Study material:
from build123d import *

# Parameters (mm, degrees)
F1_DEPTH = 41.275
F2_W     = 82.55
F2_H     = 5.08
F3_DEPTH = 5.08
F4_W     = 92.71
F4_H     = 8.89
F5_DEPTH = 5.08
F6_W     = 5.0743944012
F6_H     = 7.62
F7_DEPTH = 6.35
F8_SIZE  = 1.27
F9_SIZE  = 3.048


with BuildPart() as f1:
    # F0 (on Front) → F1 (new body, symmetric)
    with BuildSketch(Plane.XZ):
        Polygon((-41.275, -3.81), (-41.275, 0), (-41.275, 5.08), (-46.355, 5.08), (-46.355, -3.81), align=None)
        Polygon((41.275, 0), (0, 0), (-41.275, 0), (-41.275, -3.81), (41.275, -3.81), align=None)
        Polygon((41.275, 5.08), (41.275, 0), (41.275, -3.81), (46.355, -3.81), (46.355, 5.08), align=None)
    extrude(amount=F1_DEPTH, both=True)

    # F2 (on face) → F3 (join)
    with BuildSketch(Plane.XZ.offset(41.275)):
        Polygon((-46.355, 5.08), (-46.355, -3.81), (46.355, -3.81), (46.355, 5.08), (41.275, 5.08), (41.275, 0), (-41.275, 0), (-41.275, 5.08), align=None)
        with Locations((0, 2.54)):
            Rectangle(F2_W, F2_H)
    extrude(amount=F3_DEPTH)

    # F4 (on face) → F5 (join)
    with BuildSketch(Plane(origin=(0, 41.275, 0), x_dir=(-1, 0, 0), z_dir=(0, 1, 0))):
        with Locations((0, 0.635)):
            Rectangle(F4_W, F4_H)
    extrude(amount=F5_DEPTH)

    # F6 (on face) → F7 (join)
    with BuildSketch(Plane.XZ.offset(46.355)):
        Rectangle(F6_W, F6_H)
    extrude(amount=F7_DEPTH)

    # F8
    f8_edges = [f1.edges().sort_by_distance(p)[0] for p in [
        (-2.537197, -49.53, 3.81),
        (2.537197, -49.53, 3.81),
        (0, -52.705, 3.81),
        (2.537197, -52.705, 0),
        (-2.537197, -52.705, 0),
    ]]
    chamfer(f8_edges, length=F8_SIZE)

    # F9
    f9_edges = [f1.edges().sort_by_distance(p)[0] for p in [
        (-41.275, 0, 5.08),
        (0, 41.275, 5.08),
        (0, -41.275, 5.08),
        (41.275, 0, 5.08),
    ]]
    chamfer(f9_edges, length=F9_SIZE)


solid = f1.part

What is expected:
Repeat the listing exactly, leaving nothing out.

Written reply:
from build123d import *

# Parameters (mm, degrees)
F1_DEPTH = 41.275
F2_W     = 82.55
F2_H     = 5.08
F3_DEPTH = 5.08
F4_W     = 92.71
F4_H     = 8.89
F5_DEPTH = 5.08
F6_W     = 5.0743944012
F6_H     = 7.62
F7_DEPTH = 6.35
F8_SIZE  = 1.27
F9_SIZE  = 3.048


with BuildPart() as f1:
    # F0 (on Front) → F1 (new body, symmetric)
    with BuildSketch(Plane.XZ):
        Polygon((-41.275, -3.81), (-41.275, 0), (-41.275, 5.08), (-46.355, 5.08), (-46.355, -3.81), align=None)
        Polygon((41.275, 0), (0, 0), (-41.275, 0), (-41.275, -3.81), (41.275, -3.81), align=None)
        Polygon((41.275, 5.08), (41.275, 0), (41.275, -3.81), (46.355, -3.81), (46.355, 5.08), align=None)
    extrude(amount=F1_DEPTH, both=True)

    # F2 (on face) → F3 (join)
    with BuildSketch(Plane.XZ.offset(41.275)):
        Polygon((-46.355, 5.08), (-46.355, -3.81), (46.355, -3.81), (46.355, 5.08), (41.275, 5.08), (41.275, 0), (-41.275, 0), (-41.275, 5.08), align=None)
        with Locations((0, 2.54)):
            Rectangle(F2_W, F2_H)
    extrude(amount=F3_DEPTH)

    # F4 (on face) → F5 (join)
    with BuildSketch(Plane(origin=(0, 41.275, 0), x_dir=(-1, 0, 0), z_dir=(0, 1, 0))):
        with Locations((0, 0.635)):
            Rectangle(F4_W, F4_H)
    extrude(amount=F5_DEPTH)

    # F6 (on face) → F7 (join)
    with BuildSketch(Plane.XZ.offset(46.355)):
        Rectangle(F6_W, F6_H)
    extrude(amount=F7_DEPTH)

    # F8
    f8_edges = [f1.edges().sort_by_distance(p)[0] for p in [
        (-2.537197, -49.53, 3.81),
        (2.537197, -49.53, 3.81),
        (0, -52.705, 3.81),
        (2.537197, -52.705, 0),
        (-2.537197, -52.705, 0),
    ]]
    chamfer(f8_edges, length=F8_SIZE)

    # F9
    f9_edges = [f1.edges().sort_by_distance(p)[0] for p in [
        (-41.275, 0, 5.08),
        (0, 41.275, 5.08),
        (0, -41.275, 5.08),
        (41.275, 0, 5.08),
    ]]
    chamfer(f9_edges, length=F9_SIZE)


solid = f1.part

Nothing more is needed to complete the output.